> _ABOUT THIS TASK_
Would you please return the lines of the material that contain the word "points"?

····················

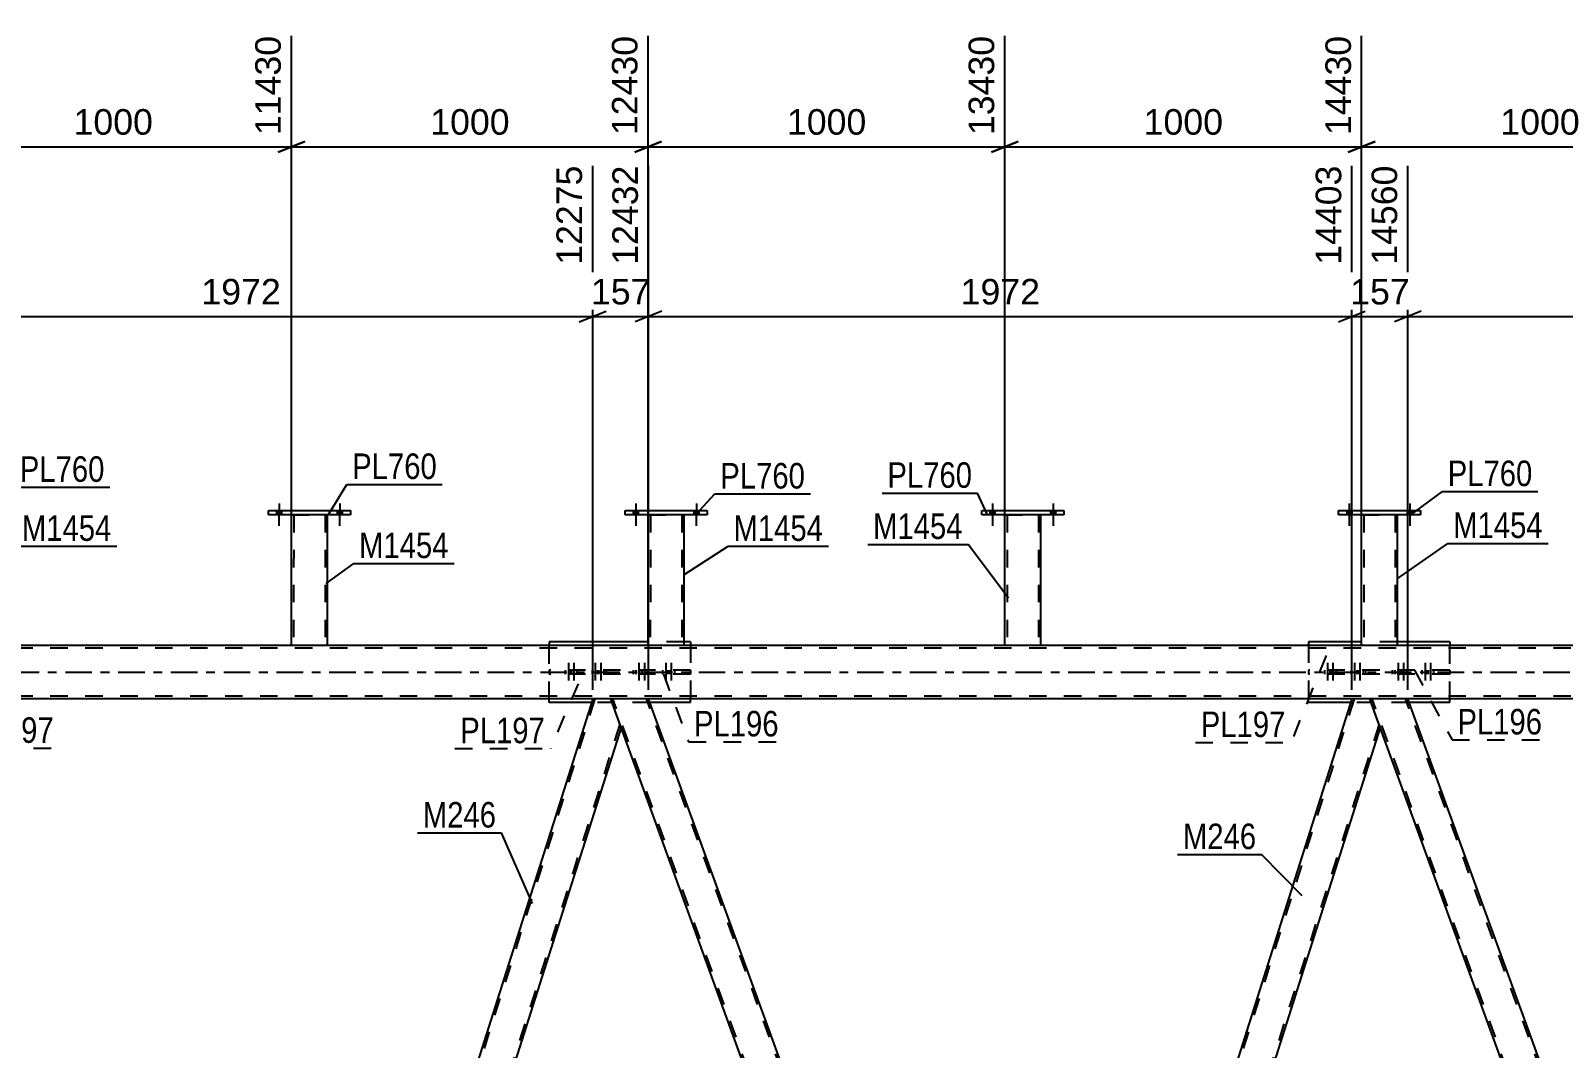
# Model space of a CAD drawing. Header units: millimetres. Extents: x -55 to 786, y -403 to 191.
# Drawn here: x 424.7 to 596.6, y -42.2 to 72 of the extents above; entities that cross this region are included whole.
import ezdxf

# ---------------------------------------------------------------- set-up
doc = ezdxf.new("R2010")
doc.units = ezdxf.units.MM
doc.linetypes.add('DXK_LINE_DOT2', pattern=[3.9198, 1.9599, -1.9599])
doc.linetypes.add('DXK_LINE_DOT3', pattern=[5.9187, 2.979, -0.9799, 0.9799, -0.9799])
doc.styles.add('Arial', font='ARIAL.TTF', dxfattribs={"height": 0.2})
doc.styles.add('Arial Narrow', font='ARIALN.TTF', dxfattribs={"height": 0.2})

# ---------------------------------------------------------------- blocks, each defined once
blk = doc.blocks.new('Part-203774531-3231 - 3139')
at = {"color": 2, "linetype": 'Continuous'}
for p, q in [((571.4, 17.64), (571.4, 18.12)), ((571.4, 18.12), (580.6, 18.12)), ((580.6, 17.64), (571.4, 17.64)), ((580.6, 18.12), (580.6, 17.64))]:
    blk.add_line(p, q, dxfattribs=at)
blk = doc.blocks.new('Bolt-203774531-3225 - 3139')
at = {"color": 1, "linetype": 'DXK_LINE_DOT2'}
for p, q in [((484.69, 0.24), (484.69, -0.24)), ((485.05, 1.04), (485.05, -1.96)), ((485.29, 0.24), (485.29, -0.24)), ((485.41, 0.24), (485.41, -0.24)), ((485.65, 1.04), (485.65, -1.96)), ((486.01, 0.24), (486.01, -0.24)), ((487.7, 0.24), (487.7, -0.24)), ((488.06, 1.04), (488.06, -1.96)), ((488.31, 0.24), (488.31, -0.24)), ((488.42, 0.24), (488.42, -0.24)), ((488.67, 1.04), (488.67, -1.96)), ((489.03, 0.24), (489.03, -0.24))]:
    blk.add_line(p, q, dxfattribs=at)
blk = doc.blocks.new('Bolt-203774531-3226 - 3139')
at = {"linetype": 'Continuous'}
for points in [[(452.32, 17.64), (452.88, 17.64), (452.88, 18.12), (452.32, 18.12)], [(452.32, 17.64), (452.88, 17.64), (452.88, 18.12), (452.32, 18.12)], [(459.12, 17.64), (459.68, 17.64), (459.68, 18.12), (459.12, 18.12)], [(459.12, 17.64), (459.68, 17.64), (459.68, 18.12), (459.12, 18.12)]]:
    blk.add_hatch(color=1, dxfattribs=at).paths.add_polyline_path(points)
at = {"color": 1, "linetype": 'Continuous'}
for p, q in [((452.6, 18.92), (452.59, 16.4)), ((452.6, 18.92), (452.59, 16.4)), ((459.4, 18.92), (459.39, 16.4)), ((459.4, 18.92), (459.39, 16.4)), ((452.32, 18.12), (452.32, 17.64)), ((452.32, 18.12), (452.32, 17.64)), ((452.88, 18.12), (452.88, 17.64)), ((452.88, 18.12), (452.88, 17.64)), ((459.12, 18.12), (459.12, 17.64)), ((459.12, 18.12), (459.12, 17.64)), ((459.68, 18.12), (459.68, 17.64)), ((459.68, 18.12), (459.68, 17.64))]:
    blk.add_line(p, q, dxfattribs=at)
blk = doc.blocks.new('Part-203774531-3185 - 3139')
at = {"color": 2, "linetype": 'Continuous'}
for p, q in [((531.4, 17.64), (531.4, 18.12)), ((531.4, 18.12), (540.6, 18.12)), ((540.6, 17.64), (531.4, 17.64)), ((540.6, 18.12), (540.6, 17.64))]:
    blk.add_line(p, q, dxfattribs=at)
blk = doc.blocks.new('Part-203774531-3190 - 3139')
at = {"color": 2, "linetype": 'Continuous'}
for p, q in [((573.99, 3), (574, 17.64)), ((578, 17.64), (577.99, 3)), ((577.51, 3), (573.99, 3))]:
    blk.add_line(p, q, dxfattribs=at)
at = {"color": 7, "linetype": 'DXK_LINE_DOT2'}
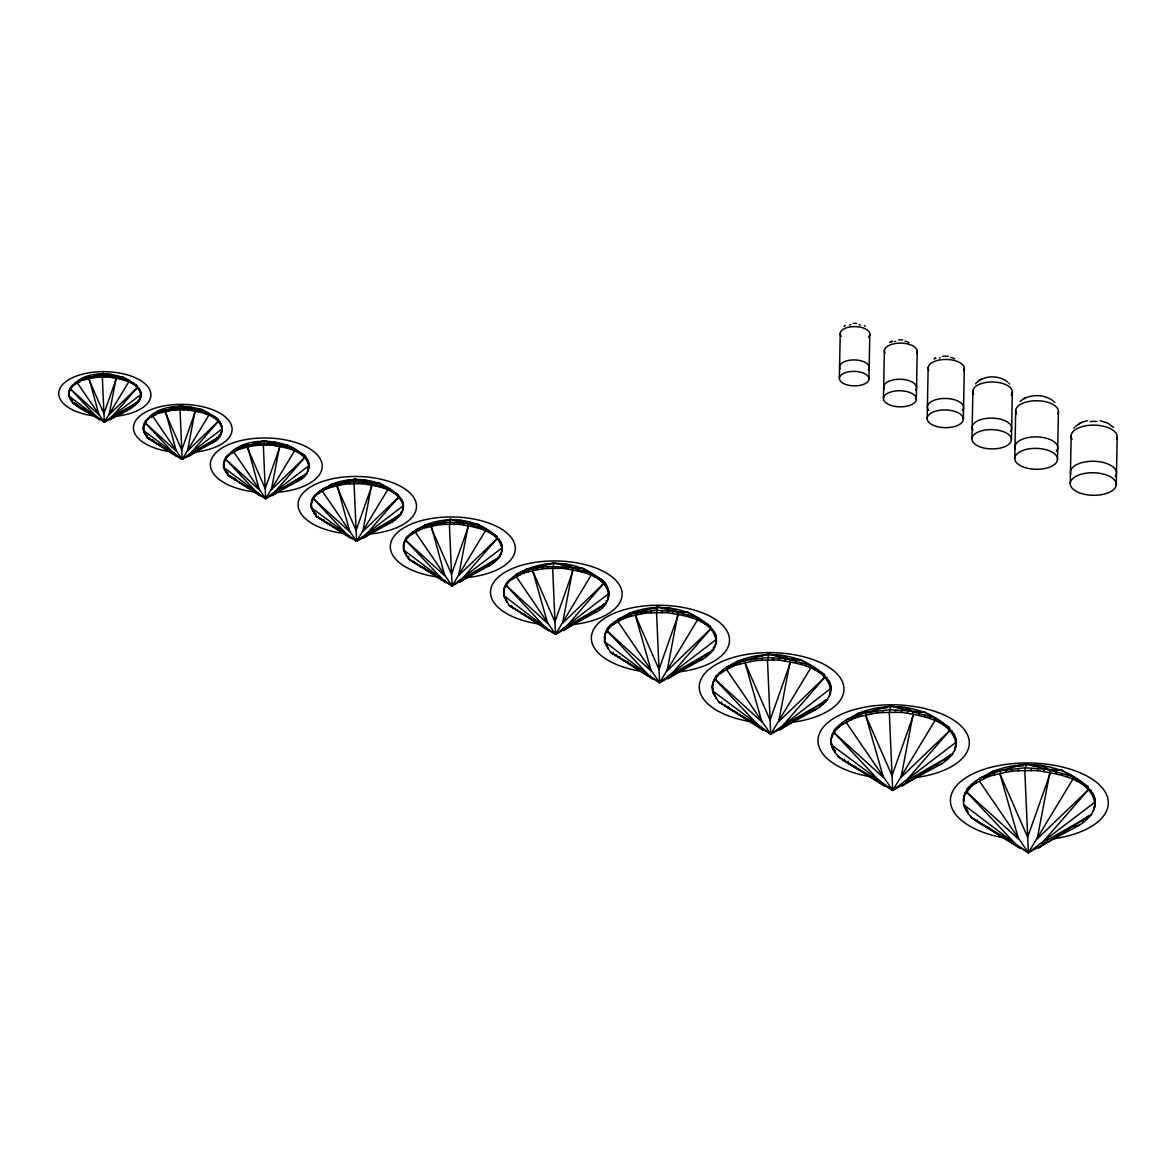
<?xml version="1.0" encoding="UTF-8"?>
<svg xmlns="http://www.w3.org/2000/svg" width="1176" height="1176" viewBox="0 0 1176 1176"><rect width="100%" height="100%" fill="white"/><g stroke="black" fill="none" stroke-linecap="round" stroke-linejoin="round"><path stroke-width="1.5" d="M68.664 393.754C76.102 368.176 118.364 369.749 135.505 384.728C156.143 403.03 113.558 416.348 104.311 422.199C95.976 413.173 66.606 408.263 68.958 391.064M69.163 397.223L69.193 396.136L72.486 400.737L72.442 402.618L99.651 419.817L97.534 417.142M68.943 391.887L69.59 389.241M69.928 398.796L69.943 397.973M69.56 390.329L70.56 387.183L76.19 383.376M71.03 400.604L71.045 399.517M140.973 392.608L140.929 394.489L104.311 422.199L97.182 417.348L70.516 389.065L71.839 385.978M71.824 387.066L73.441 384.581M74.191 403.765L74.22 402.677L78.557 405.485L78.542 406.573M73.427 385.405L75.367 383.009M76.234 405.073L76.249 404.25M75.338 384.096L80.027 381.538L80.041 380.451L103.15 373.409L128.625 380.304L128.596 382.185L104.311 422.199L77.543 383.17L77.572 381.289L80.041 380.451M80.027 381.538L82.746 379.48M82.732 380.318L85.642 379.495L85.657 378.407M70.516 389.065L98.946 414.79L88.759 377.217L102.386 375.6L122.686 376.908L137.254 385.89L137.224 387.771L111.632 417.068L139.15 401.325L141.032 394.739M85.642 379.495L91.993 378.04L92.007 376.952M91.993 378.04L95.374 377.423L95.388 376.599M95.374 377.423L98.828 377.231L98.858 376.144M98.828 377.231L105.913 377.099L105.928 376.011M141.017 395.827C139.018 381.583 121.084 379.04 109.456 377.158L109.471 376.335M112.94 377.643L112.969 376.555M137.224 387.771L109.162 414.599L116.395 376.688M119.673 378.848L119.687 377.761M122.833 379.554L122.848 378.731M125.832 380.671L125.847 379.583M126.964 408.998L129.654 408.043L129.683 406.955M131.139 383.009L131.168 381.921M133.461 384.229L133.476 383.405M134.343 405.47L139.18 399.443M135.49 385.816L135.505 384.728M136.254 403.912L136.269 403.074M137.857 402.515L137.886 401.428M138.65 388.977L138.68 387.889M139.753 390.505L139.768 389.682M140.12 399.252L140.135 398.164M140.517 392.358L140.532 391.255M140.738 397.415L140.752 396.591M143.325 426.859L143.839 431.842L147.412 437.737L182.177 459.419L212.518 442.749C225.527 437.56 224.778 419.362 211.474 415.143C194.084 401.148 145.795 402.192 143.369 430.401L182.177 459.419L222.117 428.858L222.161 426.785M143.296 428.064L143.619 425.109M143.839 431.842L143.398 428.329M143.604 426.021L144.295 423.11M144.677 433.562L143.854 430.651M144.266 424.315L145.354 420.876L148.147 418.965M145.868 435.532L144.692 432.65M145.898 434.326L147.456 435.664L147.412 437.737L174.386 454.068L145.309 422.948L146.75 419.553M146.735 420.758L148.499 418.039M149.323 438.971L149.337 437.766M148.485 418.95L150.587 416.333M151.542 440.412L151.557 439.501L154.085 440.838M150.572 417.524L155.673 414.731L155.702 413.526L180.913 405.764L208.696 413.364L208.666 415.437L182.177 459.419L152.968 416.51L153.012 414.437L155.702 413.526M155.673 414.731L158.642 412.482M158.628 413.393L161.803 412.511L161.832 411.306M145.309 422.948L176.312 451.275L165.213 409.998L180.075 408.248L202.228 409.571L218.119 419.45L218.075 421.522L190.159 453.76L220.177 436.311L222.235 429.108M161.803 412.511L168.727 410.924L168.756 409.718M168.727 410.924L172.416 410.233L172.431 409.321M172.416 410.233L176.194 410.042L176.224 408.836M176.194 410.042L183.926 409.895L183.941 408.689M222.205 430.313C220.03 414.775 200.479 412.012 187.778 409.954L187.807 409.042M191.6 410.483L191.614 409.277M218.075 421.522L187.469 451.07L195.348 409.424M198.935 411.791L198.95 410.6M202.39 412.555L202.404 411.644M205.638 413.776L205.668 412.585M206.888 444.69L209.828 443.646L209.857 442.441M211.445 416.333L211.474 415.143M213.973 417.671L213.988 416.76M214.943 440.853L220.221 434.238M216.178 419.406L216.208 418.2M217.031 439.133L217.046 438.222M218.78 437.619L218.795 436.414M219.633 422.845L219.662 421.64M220.838 424.521L220.853 423.61M221.235 434.062L221.25 432.856M221.676 426.52L221.691 425.33M221.911 432.048L221.926 431.136M223.543 464.829C231.569 435.679 280.329 436.017 300.115 452.584C313.051 458.037 310.685 475.912 298.528 480.749L265.658 498.697L227.997 475.31L223.616 467.372L223.881 461.639M223.558 463.535L223.616 467.372L265.658 498.697L308.935 465.696L308.979 463.462M224.116 468.93L223.661 465.123M223.866 462.624L224.616 459.478M225.028 470.797L224.146 467.636M224.601 460.772L225.763 457.052L231.834 452.936M226.321 472.928L225.042 469.812M226.351 471.635L228.041 473.075L227.997 475.31L257.235 492.92L225.719 459.301L227.277 455.626M227.262 456.92L229.188 453.98M230.07 476.647L230.084 475.354M229.158 454.965L231.422 453.421L231.437 452.128M232.466 478.206L232.495 477.235L235.215 478.676L235.2 479.97M231.422 453.421L236.949 450.393L236.979 449.1L264.291 440.706L294.397 448.909L294.353 451.158L265.658 498.697L234.024 452.319L234.068 450.085L236.979 449.1M236.949 450.393L240.154 448.938L240.169 447.953M240.154 448.938L243.594 447.983L243.608 446.674M225.719 459.301L259.308 489.907L247.283 445.278L263.38 443.367L287.385 444.837L304.584 455.509L304.54 457.758L274.317 492.582L306.833 473.766L309.053 465.975M243.594 447.983L251.091 446.263L251.12 444.969M251.091 446.263L255.089 445.528L255.104 444.543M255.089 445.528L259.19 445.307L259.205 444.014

····················

> _SOLVED PROBLEM_
for points in [[(452.32, 17.64), (452.88, 17.64), (452.88, 18.12), (452.32, 18.12)], [(452.32, 17.64), (452.88, 17.64), (452.88, 18.12), (452.32, 18.12)], [(459.12, 17.64), (459.68, 17.64), (459.68, 18.12), (459.12, 18.12)], [(459.12, 17.64), (459.68, 17.64), (459.68, 18.12), (459.12, 18.12)]]:
    blk.add_hatch(color=1, dxfattribs=at).paths.add_polyline_path(points)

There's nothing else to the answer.